Create a table with a vector field that uses the cohere/embed-v4.0 model to generate 1536-dimensional vectors (default dimension):

from pytidb.schema import TableModel, Field
from pytidb.embeddings import EmbeddingFunction
from pytidb.datatype import TEXT

class Document(TableModel):
    __tablename__ = "sample_documents"
    id: int = Field(primary_key=True)
    content: str = Field(sa_type=TEXT)
    embedding: list[float] = EmbeddingFunction(
        model_name="cohere/embed-v4.0"
    ).VectorField(source_field="content")

table = tidb_client.create_table(schema=Document, if_exists="overwrite")

CREATE TABLE sample_documents (
    `id`        INT PRIMARY KEY,
    `content`   TEXT,
    `embedding` VECTOR(1536) GENERATED ALWAYS AS (EMBED_TEXT(
        "cohere/embed-v4.0",
        `content`
    )) STORED
);

Step 4: Insert data into the table

Use the table.insert() or table.bulk_insert() API to add data:

documents = [
    Document(id=1, content="Python: High-level programming language for data science and web development."),
    Document(id=2, content="Python snake: Non-venomous constrictor found in tropical regions."),
    Document(id=3, content="Python framework: Django and Flask are popular web frameworks."),
    Document(id=4, content="Python libraries: NumPy and Pandas for data analysis."),
    Document(id=5, content="Python ecosystem: Rich collection of packages and tools."),
]
table.bulk_insert(documents)

Insert data using the INSERT INTO statement:

INSERT INTO sample_documents (id, content)
VALUES
    (1, "Python: High-level programming language for data science and web development."),
    (2, "Python snake: Non-venomous constrictor found in tropical regions."),
    (3, "Python framework: Django and Flask are popular web frameworks."),
    (4, "Python libraries: NumPy and Pandas for data analysis."),
    (5, "Python ecosystem: Rich collection of packages and tools.");

Step 5: Search for similar documents

Use the table.search() API to perform vector search:

results = table.search("How to learn Python programming?") \
    .limit(2) \
    .to_list()
print(results)

Use the VEC_EMBED_COSINE_DISTANCE function to perform vector search based on cosine distance metric:

SELECT
    `id`,
    `content`,
    VEC_EMBED_COSINE_DISTANCE(embedding, "How to learn Python programming?") AS _distance
FROM sample_documents
ORDER BY _distance ASC
LIMIT 2;

Options (BYOK)

All Cohere embedding options are supported via the additional_json_options parameter of the EMBED_TEXT() function.

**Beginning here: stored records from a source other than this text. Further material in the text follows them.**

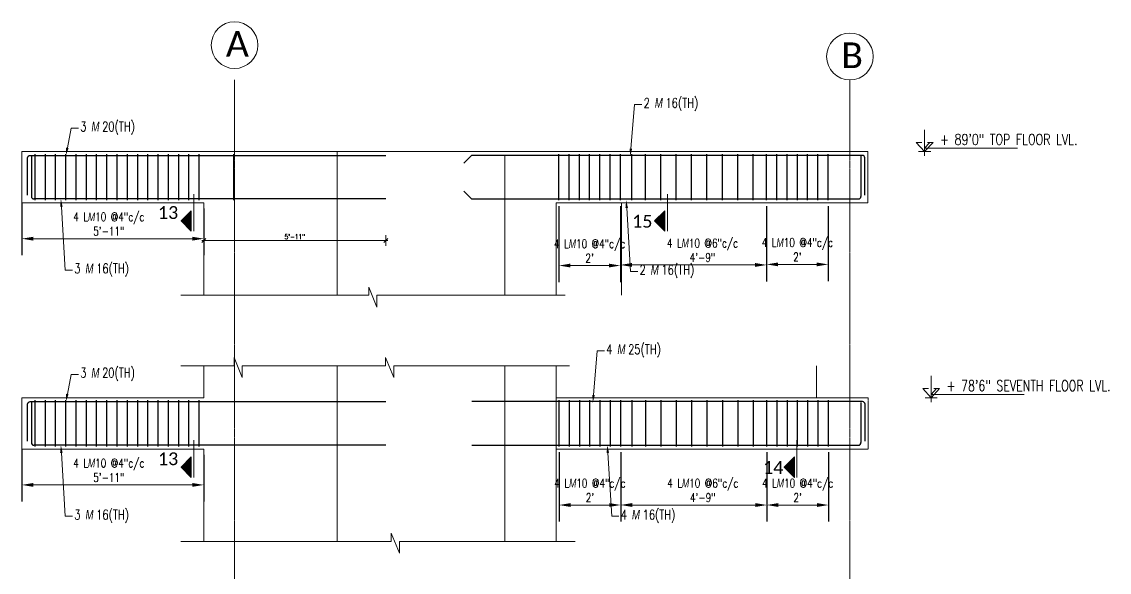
# Model space of a CAD drawing. Header units: inches. Extents: x 0 to 162649, y -36601 to -26324.
# Drawn here: x 159773.9 to 160198, y -34178 to -33963.4 of the extents above; entities that cross this region are included whole.
import ezdxf
from ezdxf import colors
from ezdxf.entities.mleader import LeaderData, LeaderLine
from ezdxf.math import Vec2, Vec3

# ---------------------------------------------------------------- set-up
doc = ezdxf.new("R2010")
doc.units = ezdxf.units.IN
doc.header["$MEASUREMENT"] = 0
doc.linetypes.add('CENTER2', pattern=[1.125, 0.75, -0.125, 0.125, -0.125])
for name, color, linetype, lineweight in [('Cen', 9, 'CENTER2', 5), ('Dim', 1, 'Continuous', 13), ('dimention', 1, 'Continuous', 13), ('hatch', 252, 'Continuous', 0), ('OL_AR_Text', 140, 'Continuous', 5), ('Rein', 3, 'Continuous', 30), ('Stirrups', 191, 'Continuous', 25), ('Tag', 6, 'Continuous', 13), ('TEXT', 7, 'Continuous', 9)]:
    doc.layers.add(name, color=color, linetype=linetype, lineweight=lineweight)
doc.styles.add('1-8 Annotative Text', font='calibri.ttf', dxfattribs={"height": 0.125})
doc.styles.add('DIM', font='simplex.shx', dxfattribs={"width": 0.75})
doc.styles.add('rmtext', font='romans.shx', dxfattribs={"width": 0.8})
doc.styles.add('T', font='romans.shx', dxfattribs={"width": 0.75, "height": 3})
doc.dimstyles.new('DIM-24', dxfattribs={"dimscale": 24, "dimtxt": 0.078125, "dimasz": 0.0625, "dimexe": 0.0625, "dimexo": 0.015625, "dimgap": 0.015625, "dimtad": 1, "dimdec": 1, "dimzin": 3, "dimdsep": 46, "dimlunit": 4, "dimtxsty": 'rmtext', "dimblk": 'OBLIQUE', "dimcen": 0.09375, "dimdle": 0.03125, "dimclrd": 1, "dimclre": 1, "dimclrt": 2, "dimadec": 0, "dimazin": 0, "dimtfac": 0.75, "dimtdec": 1, "dimtix": 1, "dimtmove": 0, "dimatfit": 3, "dimfxl": 0.0625, "dimfxlon": 1, "dimfrac": 1, "dimtolj": 1, "dimtzin": 0, "dimlwd": -1, "dimlwe": 5, "dimarcsym": 0})
doc.dimstyles.get("Standard").update_dxf_attribs({"dimscale": 36, "dimtxt": 0.09375, "dimasz": 0.125, "dimexe": 0.18, "dimexo": 0.0625, "dimgap": 0.015625, "dimtad": 1, "dimdec": 0, "dimzin": 0, "dimdsep": 46, "dimlunit": 4, "dimtxsty": 'DIM', "dimcen": 0.09, "dimadec": 0, "dimazin": 0, "dimtfac": 0.75, "dimtdec": 0, "dimtmove": 0, "dimatfit": 3, "dimfxl": 1, "dimtolj": 1, "dimtzin": 0, "dimlwd": 9, "dimarcsym": 0})

# ---------------------------------------------------------------- blocks, each defined once
blk = doc.blocks.new('*D375')
at = {"layer": 'Defpoints', "color": 0, "transparency": 16777216}
for p in [(160064.37, -34032.96), (160088.37, -34032.96), (160088.37, -34057.96)]:
    blk.add_point(p, dxfattribs=at)
at = {"layer": 'dimention', "color": 0, "lineweight": -2, "transparency": 16777216}
for p, q in [((160064.37, -34035.21), (160064.37, -34064.44)), ((160088.37, -34035.21), (160088.37, -34064.44))]:
    blk.add_line(p, q, dxfattribs=at)
at = {"layer": 'dimention', "color": 0, "lineweight": 9, "transparency": 16777216}
blk.add_line((160068.87, -34057.96), (160083.87, -34057.96), dxfattribs=at)
at = {"layer": 'dimention', "color": 0, "transparency": 16777216}
for points in [[(160068.87, -34057.21), (160068.87, -34058.71), (160064.37, -34057.96)], [(160083.87, -34057.21), (160083.87, -34058.71), (160088.37, -34057.96)]]:
    blk.add_solid(points, dxfattribs=at)
at = {"layer": 'dimention', "color": 0, "transparency": 16777216, "insert": (160076.37, -34052.25), "char_height": 3.375, "attachment_point": 5, "style": 'DIM'}
blk.add_mtext('\\A1;4 L{\\A0;\\Fgothici|c0;\\W0.75;M}10 @4"c/c\\P2\'', dxfattribs=at)
blk = doc.blocks.new('*D377')
at = {"layer": 'Defpoints', "color": 0, "transparency": 16777216}
for p in [(159983.35, -34032.96), (160007.35, -34032.96), (160007.35, -34058.41)]:
    blk.add_point(p, dxfattribs=at)
at = {"layer": 'dimention', "color": 0, "lineweight": -2, "transparency": 16777216}
for p, q in [((159983.35, -34035.21), (159983.35, -34064.89)), ((160007.35, -34035.21), (160007.35, -34064.89))]:
    blk.add_line(p, q, dxfattribs=at)
at = {"layer": 'dimention', "color": 0, "lineweight": 9, "transparency": 16777216}
blk.add_line((159987.85, -34058.41), (160002.85, -34058.41), dxfattribs=at)
at = {"layer": 'dimention', "color": 0, "transparency": 16777216}
for points in [[(159987.85, -34057.66), (159987.85, -34059.16), (159983.35, -34058.41)], [(160002.85, -34057.66), (160002.85, -34059.16), (160007.35, -34058.41)]]:
    blk.add_solid(points, dxfattribs=at)
at = {"layer": 'dimention', "color": 0, "transparency": 16777216, "insert": (159995.35, -34052.7), "char_height": 3.375, "attachment_point": 5, "style": 'DIM'}
blk.add_mtext('\\A1;4 L{\\A0;\\Fgothici|c0;\\W0.75;M}10 @4"c/c\\P2\'', dxfattribs=at)
blk = doc.blocks.new('*D378')
at = {"layer": 'Defpoints', "color": 0, "transparency": 16777216}
for p in [(160007.35, -34032.96), (160064.37, -34032.96), (160064.37, -34058.17)]:
    blk.add_point(p, dxfattribs=at)
at = {"layer": 'dimention', "color": 0, "lineweight": -2, "transparency": 16777216}
for p, q in [((160007.35, -34035.21), (160007.35, -34064.65)), ((160064.37, -34035.21), (160064.37, -34064.65))]:
    blk.add_line(p, q, dxfattribs=at)
at = {"layer": 'dimention', "color": 0, "lineweight": 9, "transparency": 16777216}
blk.add_line((160011.85, -34058.17), (160059.87, -34058.17), dxfattribs=at)
at = {"layer": 'dimention', "color": 0, "transparency": 16777216}
for points in [[(160011.85, -34057.42), (160011.85, -34058.92), (160007.35, -34058.17)], [(160059.87, -34057.42), (160059.87, -34058.92), (160064.37, -34058.17)]]:
    blk.add_solid(points, dxfattribs=at)
at = {"layer": 'dimention', "color": 0, "transparency": 16777216, "insert": (160039.37, -34052.47), "char_height": 3.375, "attachment_point": 5, "style": 'DIM'}
blk.add_mtext('\\A1;4 L{\\A0;\\Fgothici|c0;M}10 @6"c/c\\P4\'-9"', dxfattribs=at)
blk = doc.blocks.new('*D381')
at = {"layer": 'Defpoints', "color": 0, "transparency": 16777216}
for p in [(160064.48, -34128.95), (160088.48, -34128.95), (160088.48, -34151.78)]:
    blk.add_point(p, dxfattribs=at)
at = {"layer": 'dimention', "color": 0, "lineweight": -2, "transparency": 16777216}
for p, q in [((160064.48, -34131.2), (160064.48, -34158.26)), ((160088.48, -34131.2), (160088.48, -34158.26))]:
    blk.add_line(p, q, dxfattribs=at)
at = {"layer": 'dimention', "color": 0, "lineweight": 9, "transparency": 16777216}
blk.add_line((160068.98, -34151.78), (160083.98, -34151.78), dxfattribs=at)
at = {"layer": 'dimention', "color": 0, "transparency": 16777216}
for points in [[(160068.98, -34151.03), (160068.98, -34152.53), (160064.48, -34151.78)], [(160083.98, -34151.03), (160083.98, -34152.53), (160088.48, -34151.78)]]:
    blk.add_solid(points, dxfattribs=at)
at = {"layer": 'dimention', "color": 0, "transparency": 16777216, "insert": (160076.48, -34146.07), "char_height": 3.375, "attachment_point": 5, "style": 'DIM'}
blk.add_mtext('\\A1;4 L{\\A0;\\Fgothici|c0;\\W0.75;M}10 @4"c/c\\P2\'', dxfattribs=at)
blk = doc.blocks.new('*D379')
at = {"layer": 'Defpoints', "color": 0, "transparency": 16777216}
for p in [(159983.47, -34128.95), (160007.47, -34128.95), (160007.47, -34151.78)]:
    blk.add_point(p, dxfattribs=at)
at = {"layer": 'dimention', "color": 0, "lineweight": -2, "transparency": 16777216}
for p, q in [((159983.47, -34131.2), (159983.47, -34158.26)), ((160007.47, -34131.2), (160007.47, -34158.26))]:
    blk.add_line(p, q, dxfattribs=at)
at = {"layer": 'dimention', "color": 0, "lineweight": 9, "transparency": 16777216}
blk.add_line((159987.97, -34151.78), (160002.97, -34151.78), dxfattribs=at)
at = {"layer": 'dimention', "color": 0, "transparency": 16777216}
for points in [[(159987.97, -34151.03), (159987.97, -34152.53), (159983.47, -34151.78)], [(160002.97, -34151.03), (160002.97, -34152.53), (160007.47, -34151.78)]]:
    blk.add_solid(points, dxfattribs=at)
at = {"layer": 'dimention', "color": 0, "transparency": 16777216, "insert": (159995.47, -34146.07), "char_height": 3.375, "attachment_point": 5, "style": 'DIM'}
blk.add_mtext('\\A1;4 L{\\A0;\\Fgothici|c0;\\W0.75;M}10 @4"c/c\\P2\'', dxfattribs=at)
blk = doc.blocks.new('*D380')
at = {"layer": 'Defpoints', "color": 0, "transparency": 16777216}
for p in [(160007.47, -34128.95), (160064.48, -34128.95), (160064.48, -34151.78)]:
    blk.add_point(p, dxfattribs=at)
at = {"layer": 'dimention', "color": 0, "lineweight": -2, "transparency": 16777216}
for p, q in [((160007.47, -34131.2), (160007.47, -34158.26)), ((160064.48, -34131.2), (160064.48, -34158.26))]:
    blk.add_line(p, q, dxfattribs=at)
at = {"layer": 'dimention', "color": 0, "lineweight": 9, "transparency": 16777216}
blk.add_line((160011.97, -34151.78), (160059.98, -34151.78), dxfattribs=at)
at = {"layer": 'dimention', "color": 0, "transparency": 16777216}
for points in [[(160011.97, -34151.03), (160011.97, -34152.53), (160007.47, -34151.78)], [(160059.98, -34151.03), (160059.98, -34152.53), (160064.48, -34151.78)]]:
    blk.add_solid(points, dxfattribs=at)
at = {"layer": 'dimention', "color": 0, "transparency": 16777216, "insert": (160039.49, -34146.07), "char_height": 3.375, "attachment_point": 5, "style": 'DIM'}
blk.add_mtext('\\A1;4 L{\\A0;\\Fgothici|c0;M}10 @6"c/c\\P4\'-9"', dxfattribs=at)
blk = doc.blocks.new('*D403')
at = {"layer": 'Defpoints', "color": 0, "transparency": 16777216}
for p in [(159773.87, -34031.71), (159844.87, -34033.96), (159844.87, -34047.94)]:
    blk.add_point(p, dxfattribs=at)
at = {"layer": 'dimention', "color": 0, "lineweight": -2, "transparency": 16777216}
for p, q in [((159773.87, -34033.96), (159773.87, -34054.42)), ((159844.87, -34036.21), (159844.87, -34054.42))]:
    blk.add_line(p, q, dxfattribs=at)
at = {"layer": 'dimention', "color": 0, "lineweight": 9, "transparency": 16777216}
blk.add_line((159778.37, -34047.94), (159840.37, -34047.94), dxfattribs=at)
at = {"layer": 'dimention', "color": 0, "transparency": 16777216}
for points in [[(159778.37, -34047.19), (159778.37, -34048.69), (159773.87, -34047.94)], [(159840.37, -34047.19), (159840.37, -34048.69), (159844.87, -34047.94)]]:
    blk.add_solid(points, dxfattribs=at)
at = {"layer": 'dimention', "color": 0, "transparency": 16777216, "insert": (159807.83, -34042.23), "char_height": 3.375, "attachment_point": 5, "style": 'DIM'}
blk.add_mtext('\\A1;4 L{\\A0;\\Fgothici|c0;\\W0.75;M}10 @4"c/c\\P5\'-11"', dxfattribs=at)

Example: Specify different input_type for search and insert operations

Use the @search suffix to indicate that the field takes effect only during vector search queries.

CREATE TABLE sample (
  `id`        INT,
  `content`   TEXT,
  `embedding` VECTOR(1024) GENERATED ALWAYS AS (EMBED_TEXT(
                "cohere/embed-v4.0",
                `content`,
                '{"input_type": "search_document", "input_type@search": "search_query"}'
              )) STORED
);

Example: Use an alternative dimension

CREATE TABLE sample (
  `id`        INT,
  `content`   TEXT,
  `embedding` VECTOR(512) GENERATED ALWAYS AS (EMBED_TEXT(
                "cohere/embed-v4.0",
                `content`,
                '{"output_dimension": 512}'
              )) STORED
);

For all available options, see Cohere Documentation.